Task input ->
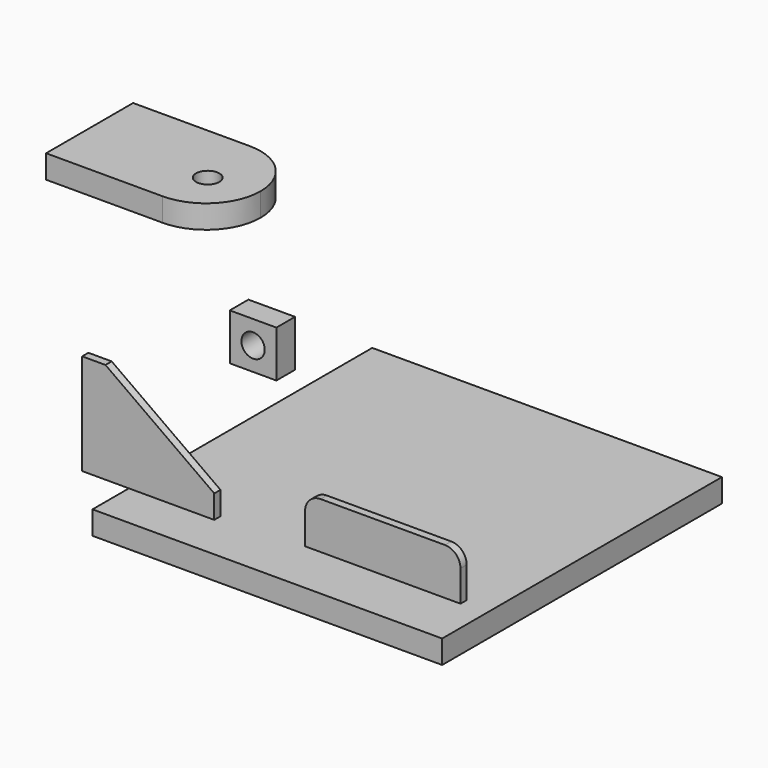
from build123d import *

# Parameters (mm, degrees)
F1_DEPTH  = 6.35
F0_W      = 127
F0_H      = 38.1
F2_R      = 12.7
F3_W      = 285.75
F3_H      = 19.05
F4_DEPTH  = 285.75
F5_W      = 38.1
F5_H      = 38.1
F5_R      = 9.525
F6_DEPTH  = 19.05
F7_W      = 139.7
F7_H      = 19.05
F8_DEPTH  = 88.9
F9_R      = 9.525
F10_DEPTH = 25.4
F11_R     = 44.44999


# Not quite as in the source:
# - a fillet or chamfer is up to 0.001 mm smaller than in the source, because OpenCascade refuses the exact size


with BuildPart() as f1:
    # F0 (on Front) → F1 (new body)
    with BuildSketch(Plane.XZ):
        Polygon((-51.8936398988, 44.7870248234), (-70.9436398988, 44.7870248234), (-70.9436398988, -37.7629751766), (37.0063601012, -37.7629751766), (37.0063601012, -18.7129751766), align=None)
    extrude(amount=-F1_DEPTH)


with BuildPart() as f1b:
    # F0 (on Front) → F1, piece 2 (new body)
    with BuildSketch(Plane.XZ):
        with Locations((174.7370118499, -13.572396946)):
            Rectangle(F0_W, F0_H)
    extrude(amount=-F1_DEPTH)

    # F2
    f2_edges = [f1b.edges().sort_by_distance(p)[0] for p in [
        (238.237012, 3.175, 5.477603),
        (111.237012, 3.175, 5.477603),
    ]]
    fillet(f2_edges, radius=F2_R)


with BuildPart() as f4:
    # F3 (on Front) → F4 (new body)
    with BuildSketch(Plane.XZ):
        with Locations((80.3878121078, -72.0597802344)):
            Rectangle(F3_W, F3_H)
    extrude(amount=-F4_DEPTH)


with BuildPart() as f6:
    # F5 (on Front) → F6 (new body)
    with BuildSketch(Plane.XZ):
        with Locations((68.7398687005, 98.0453198674)):
            Rectangle(F5_W, F5_H)
        with Locations((68.7398687005, 98.0453198674)):
            Circle(F5_R, mode=Mode.SUBTRACT)
    extrude(amount=-F6_DEPTH)


with BuildPart() as f8:
    # F7 (on Front) → F8 (new body)
    with BuildSketch(Plane.XZ):
        with Locations((-30.56688793, 171.7939794795)):
            Rectangle(F7_W, F7_H)
    extrude(amount=-F8_DEPTH)

    # F9 (on face) → F10 (cut)
    with BuildSketch(Plane.XY.offset(181.3189794795)):
        with Locations((1.18311207, 38.1)):
            Circle(F9_R)
    extrude(amount=-F10_DEPTH, mode=Mode.SUBTRACT)

    # F11 (radius 44.45 in the source; OpenCascade refuses exactly that, so slightly less here)
    f11_edges = [f8.edges().sort_by_distance(p)[0] for p in [
        (39.283112, 0, 171.793979),
        (39.283112, 88.9, 171.793979),
    ]]
    fillet(f11_edges, radius=F11_R)


solid = Compound([f1.part, f1b.part, f4.part, f6.part, f8.part])

Assignment -> From the data above, say how many lines include "radius", and write nothing but the number.

Written reply -> 3